**Work item**
When a line in the entries contains the word "BorSke", copy that line in full.

**Extracted material**
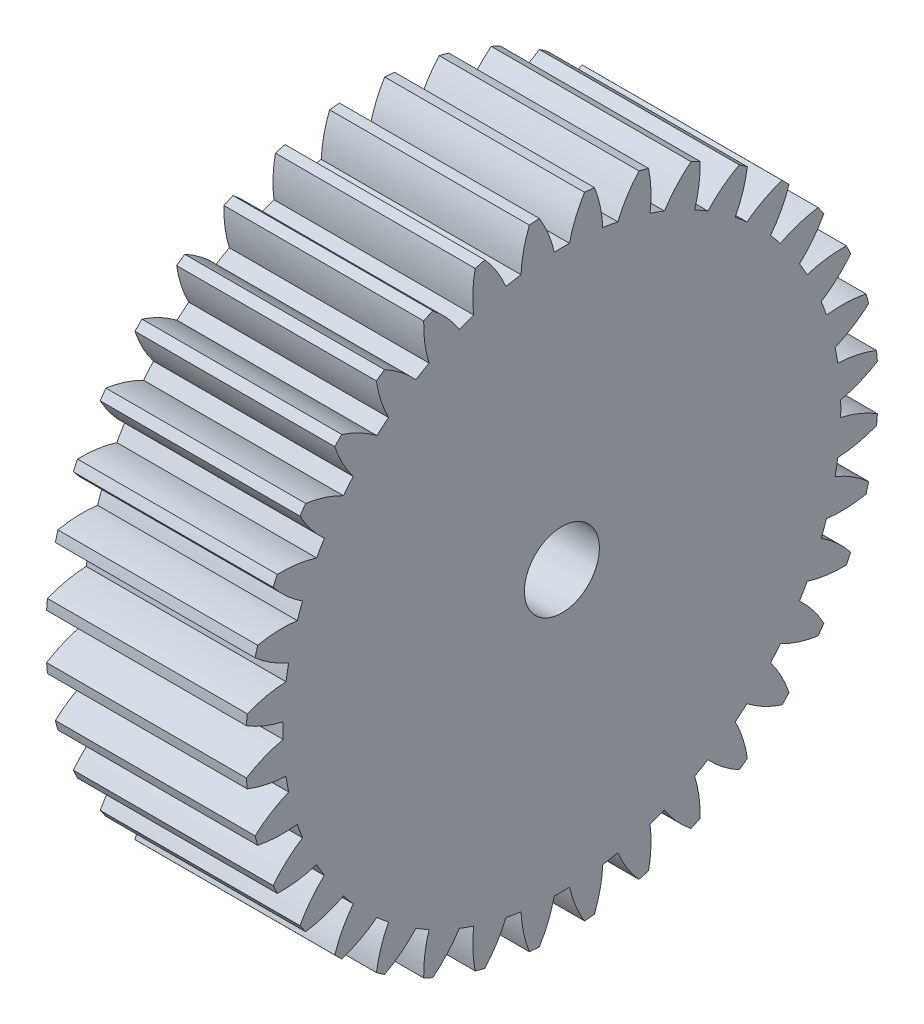
SolidWorks part; units mm, degrees
ref_plane "Plane1" through (0, 0, 0) normal (0, 0, 1) x (1, 0, 0)
ref_plane "Plane2" through (0, 0, 0) normal (0, 1, 0) x (1, 0, 0)
ref_plane "Plane3" through (0, 0, 0) normal (1, 0, 0) x (0, 0, -1)
other "Configuration Table"
sketch "HoldingSke" plane through (0, 0, 0) normal (0, 1, 0) x (1, 0, 0)
  line L0 (0, 0) -> (493.1768, -358.3139)
  line L1 (-15, 0) -> (100, 0) construction
  line L2 (0, 0) -> (-2.1039, 2.3779)
  line L3 (0, 0) -> (-11.863, 4.5341)
  line L4 (0, 0) -> (6.9867, 5.0761)
  line L5 (0, 0) -> (-47.5972, -17.7524)
  line L6 (0, 0) -> (-10.5278, -7.1032)
  line L7 (-2.1039, 2.3779) -> (8.8308, 51.9871)
  line L8 (-76.2, 54.61) -> (-71.1708, 54.61)
  line L9 (-71.009, 38.7566) -> (-53.1078, 45.2721)
  line L10 (-76.2, 71.12) -> (104.1128, 71.12)
  line L11 (0, 0) -> (-12.7, 0)
  line L12 (-76.2, 101.6) -> (-76.1573, 101.6)
  line L13 (24.9733, 27.94) -> (52.9518, 28.4284)
  line L14 (24.9733, 27.94) -> (25.0241, 27.9398)
  line L15 (24.9733, 27.94) -> (100.4021, 29.52)
  circle A0 centre (0, 0) radius 2.3812
  circle A1 centre (0, 0) radius 17.7292
  circle A2 centre (0, 0) radius 38.1
  circle A3 centre (0, 0) radius 2.3812
  dimension "MHD" = 35.4584
  dimension "Hub_dia" = 76.2
  dimension "Bore" = 4.7625
  dimension "MBD" = 4.7625
  dimension "Num_teeth" = 36
  dimension "Pitch" = 609.6
  dimension "Overall_len" = 50.8
  dimension "Show_teeth" = 36
  dimension "Thickness" = 12.7
  dimension "OAL" = 50.8001
  dimension "T_dim" = 5.0292
  dimension "Ap" = 20
  dimension "H" = 19.05
  dimension "Pitch_radius" = 180.3128
  dimension "Width" = 12.7
  dimension "Backlash" = 0.0427
  dimension "Addendum_fac" = 1
  dimension "Dedendum_fac" = 1.2
  dimension "Clearance_fac" = 0.2
  dimension "Dedendum_add" = 0.0508
sketch "BasProSke" plane through (0, 0, 0) normal (0, 1, 0) x (1, 0, 0)
  line L0 (-10, 0) -> (60, 0) construction
  line L1 (0, 0) -> (0, 20.1083)
  line L2 (0, 0) -> (12.7, 0)
  line L3 (12.7, 0) -> (12.7, 20.1083)
  line L4 (12.7, 20.1083) -> (0, 20.1083)
  dimension "Thickness" = 12.7
  dimension "Diameter" = 40.2167
revolve "Base-Revolve" add sketch "BasProSke" angle 360 about L0
sketch "TooCutSke" plane through (0, 0, 0) normal (1, 0, 0) x (0, 0, -1)
  line L1 (0, 0) -> (0, 107) construction
  line L2 (0, 0) -> (-0.9056, 19.0285) construction
  line L3 (0, 0) -> (-3.318, 37.9251) construction
  line L4 (-0.9056, 19.0285) -> (-1.659, 18.9625) construction
  arc A0 (0.4859, 17.7225) -> (-0.4859, 17.7225) centre (0, 0) ccw
  arc A1 (1.4524, 20.0813) -> (-1.4524, 20.0813) centre (0, 0) ccw
  circle A2 centre (0, 0) radius 19.05 construction
  circle A3 centre (0, 0) radius 17.9011 construction
  arc A4 (-0.4859, 17.7225) -> (-1.4524, 20.0813) centre (-7.9208, 16.0534) ccw
  arc A5 (1.4524, 20.0813) -> (0.4859, 17.7225) centre (7.9208, 16.0534) ccw
  dimension "Root_dia" = 35.4584
  dimension "Overcut_dia" = 40.2675
  dimension "Pitch_dia" = 38.1
  dimension "Base_dia" = 35.8023
  dimension "Flank_rad" = 7.62
  dimension "Half_ang" = 5
  dimension "Half_CT" = 0.7563
extrude "ToothCut" cut sketch "TooCutSke" along normal through all
fillet "Breaks" [suppressed] radius 0.0212
fillet "RootFillets" [suppressed] radius 0.2625
pattern_circular "TeethCuts" count 36 every 10 about axis through (-10, 0, 0) along (1, 0, 0) of "ToothCut", "RootFillets", "Breaks"
sketch "HubNeaOneSke" plane through (0, 0, 0) normal (-1, 0, 0) x (0, 0, 1)
  circle A0 centre (0, 0) radius 17.7292
  dimension "Diameter" = 35.4584
extrude "HubNearOne" [suppressed] add sketch "HubNeaOneSke" along normal blind 38.1001
sketch "HubNeaBotSke" plane through (0, 0, 0) normal (-1, 0, 0) x (0, 0, 1)
  circle A0 centre (0, 0) radius 17.7292
  dimension "Diameter" = 35.4584
extrude "HubNearBoth" [suppressed] add sketch "HubNeaBotSke" along normal blind 19.05
ref_plane "FarPln" through (12.7, 0, 0) normal (1, 0, 0) x (0, 0, -1)
sketch "HubFarSke" plane through (12.7, 0, 0) normal (1, 0, 0) x (0, 0, -1)
  circle A0 centre (0, 0) radius 17.7292
  dimension "Diameter" = 35.4584
extrude "HubFar" [suppressed] add sketch "HubFarSke" along normal blind 19.05
sketch "BorSke" plane through (0, 0, 0) normal (1, 0, 0) x (0, 0, -1)
  circle A0 centre (0, 0) radius 2.3812
  dimension "Diameter" = 4.7625
extrude "Bore" cut sketch "BorSke" along normal mid plane 101.6001
sketch "KeySke" plane through (0, 0, 0) normal (1, 0, 0) x (0, 0, -1)
  line L0 (-0.127, 0) -> (-0.127, 2.6479)
  line L1 (-0.127, 2.6479) -> (0.127, 2.6479)
  line L2 (0.127, 2.6479) -> (0.127, 0)
  line L3 (0, 0) -> (0, 34) construction
  line L4 (-0.127, 0) -> (0.127, 0)
  dimension "Offset" = 2.648
  dimension "Width" = 0.254
extrude "Keyway" [suppressed] cut sketch "KeySke" along normal mid plane 101.6001
pattern_circular "Keyway2" [suppressed] count 2 every 90 about axis through (-10, 0, 0) along (1, 0, 0)
equation "' \"Pitch@HoldingSke\" = 4"
equation "' \"Num_teeth@HoldingSke\" = 12"
equation "' \"Ap@HoldingSke\" =  20"
equation "' \"Ap@HoldingSke\" = 20"
equation "' \"Width@HoldingSke\" = 0.5"
equation "' \"Hub_dia@HoldingSke\"= 1"
equation "' \"Hub_dia@HoldingSke\" = 1"
equation "' \"Overall_len@HoldingSke\" = 1.0"
equation "' \"Bore@HoldingSke\" = 0.75"
equation "' \"T_dim@HoldingSke\" = 0.85"
equation "' \"Width@KeySke\" = 0.25"
equation "' \"Show_teeth@HoldingSke\" = 13"
equation "' \"Backlash@HoldingSke\" = 0.009"
equation "' \"Addendum_fac@HoldingSke\" = 1.0"
equation "' \"Dedendum_fac@HoldingSke\" = 1.25"
equation "' \"Dedendum_add@HoldingSke\" = 0.00005"
equation "' \"Clearance_fac@HoldingSke\" = 0.25"
equation "' \"Pitch@HoldingSke\" = 0.5"
equation "' \"Num_teeth@HoldingSke\" = 23"
equation "' \"Show_teeth@HoldingSke\" = 23"
equation "' \"Backlash@HoldingSke\" = 0.0375"
equation "\"Overcut_dia@TooCutSke\" = (\"Num_teeth@HoldingSke\" + 2 * \"Addendum_fac@HoldingSke\") / \"Pitch@HoldingSke\" + 0.002"
equation "\"Pitch_dia@TooCutSke\" = \"Num_teeth@HoldingSke\" / \"Pitch@HoldingSke\""
equation "\"Base_dia@TooCutSke\" = \"Num_teeth@HoldingSke\" / \"Pitch@HoldingSke\" * cos((\"Ap@HoldingSke\"  * 3.14159265 / 180))"
equation "\"Root_dia@TooCutSke\" = (\"Num_teeth@HoldingSke\" + 2) / \"Pitch@HoldingSke\" - 2 * (\"Addendum_fac@HoldingSke\" + \"Dedendum_fac@HoldingSke\") / \"Pitch@HoldingSke\" - \"Dedendum_add@HoldingSke\" * 2"
equation "\"Half_ang@TooCutSke\" = 180 / \"Num_teeth@HoldingSke\""
equation "\"Half_CT@TooCutSke\" = \"Num_teeth@HoldingSke\" / \"Pitch@HoldingSke\" * sin((3.14159265 / 2 / \"Num_teeth@HoldingSke\")) / 2 - 7 * \"Backlash@HoldingSke\" / 4"
equation "\"Flank_rad@TooCutSke\" = \"Num_teeth@HoldingSke\" / \"Pitch@HoldingSke\" / 5"
equation "\"Radius@RootFillets\" = \"Clearance_fac@HoldingSke\" / \"Pitch@HoldingSke\" + \"Dedendum_add@HoldingSke\""
equation "\"Break_rad@Breaks\" = 0.02 / \"Pitch@HoldingSke\""
equation "\"Thickness@HoldingSke\" = \"Width@HoldingSke\""
equation "\"OAL@HoldingSke\" = \"Thickness@HoldingSke\""
equation "\"MHD@HoldingSke\" = (\"Num_teeth@HoldingSke\" + 2) / \"Pitch@HoldingSke\" - 2 * (\"Addendum_fac@HoldingSke\" + \"Dedendum_fac@HoldingSke\")  / \"Pitch@HoldingSke\" - \"Dedendum_add@HoldingSke\" * 2"
equation "\"MBD@HoldingSke\" = (\"Num_teeth@HoldingSke\" + 2) / \"Pitch@HoldingSke\" - 2 * (\"Addendum_fac@HoldingSke\" + \"Dedendum_fac@HoldingSke\")  / \"Pitch@HoldingSke\" - \"Dedendum_add@HoldingSke\" * 2 - 0.002"
equation "\"MHD@HoldingSke\" = ((sgn( \"MHD@HoldingSke\" - \"Hub_dia@HoldingSke\" )-1)*( \"MHD@HoldingSke\" - \"Hub_dia@HoldingSke\" ))/-2+ \"Hub_dia@HoldingSke\""
equation "\"MBD@HoldingSke\" = ((sgn( \"MBD@HoldingSke\" - \"Bore@HoldingSke\" )-1)*( \"MBD@HoldingSke\" - \"Bore@HoldingSke\" ))/-2+ \"Bore@HoldingSke\""
equation "\"OAL@HoldingSke\" = ((sgn( \"OAL@HoldingSke\" - \"Overall_len@HoldingSke\" )+1)*( \"OAL@HoldingSke\" - \"Overall_len@HoldingSke\" ))/2 + \"Overall_len@HoldingSke\" + 0.000002"
equation "\"Num_teeth@TeethCuts\" = int( \"Show_teeth@HoldingSke\" ) + 1"
equation "\"Num_teeth@TeethCuts\" = ((sgn( \"Num_teeth@TeethCuts\" - \"Num_teeth@HoldingSke\" )-1)*( \"Num_teeth@TeethCuts\" - \"Num_teeth@HoldingSke\" ))/-2+ \"Num_teeth@HoldingSke\""
equation "\"Num_teeth@TeethCuts\" = ((sgn( \"Num_teeth@TeethCuts\" - 2.0)+1)*( \"Num_teeth@TeethCuts\" - 2.0))/2 +2.0"
equation "\"Angle@TeethCuts\" = 360.0 / \"Num_teeth@HoldingSke\""
equation "\"Diameter@BasProSke\" = (\"Num_teeth@HoldingSke\" + 2 * \"Addendum_fac@HoldingSke\") / \"Pitch@HoldingSke\""
equation "\"Thickness@BasProSke\"  = \"Thickness@HoldingSke\""
equation "' \"Fillet_rad@BasProSke\" =  \"Thickness@HoldingSke\" * 0.05"
equation "' \"Fillet_rad@BasProSke\" = \"Thickness@HoldingSke\" * 0.05"
equation "\"MHD@HoldingSke\" = ((sgn( \"MHD@HoldingSke\" - \"Root_dia@TooCutSke\" )-1)*( \"MHD@HoldingSke\" - \"Root_dia@TooCutSke\" ))/-2+ \"Root_dia@TooCutSke\""
equation "\"Diameter@HubNeaOneSke\" = \"MHD@HoldingSke\""
equation "\"Length@HubNearOne\" = \"OAL@HoldingSke\" - \"Thickness@BasProSke\""
equation "\"Diameter@HubNeaBotSke\" = \"MHD@HoldingSke\""
equation "\"Length@HubNearBoth\" = ( \"OAL@HoldingSke\" - \"Thickness@BasProSke\" ) / 2.0"
equation "\"Thickness@FarPln\" = \"Thickness@BasProSke\""
equation "\"Diameter@HubFarSke\" = \"MHD@HoldingSke\""
equation "\"Length@HubFar\" = ( \"OAL@HoldingSke\" - \"Thickness@BasProSke\" ) / 2.0"
equation "\"Diameter@BorSke\" = \"MBD@HoldingSke\""
equation "\"D1@Bore\" = \"OAL@HoldingSke\" * 2.0"
equation "\"D1@Keyway\" = \"OAL@HoldingSke\" * 2.0"
equation "\"Offset@KeySke\" = \"T_dim@HoldingSke\" - \"MBD@HoldingSke\" / 2.0"

**Task answer**
sketch "BorSke" plane through (0, 0, 0) normal (1, 0, 0) x (0, 0, -1)
extrude "Bore" cut sketch "BorSke" along normal mid plane 101.6001
equation "\"Diameter@BorSke\" = \"MBD@HoldingSke\""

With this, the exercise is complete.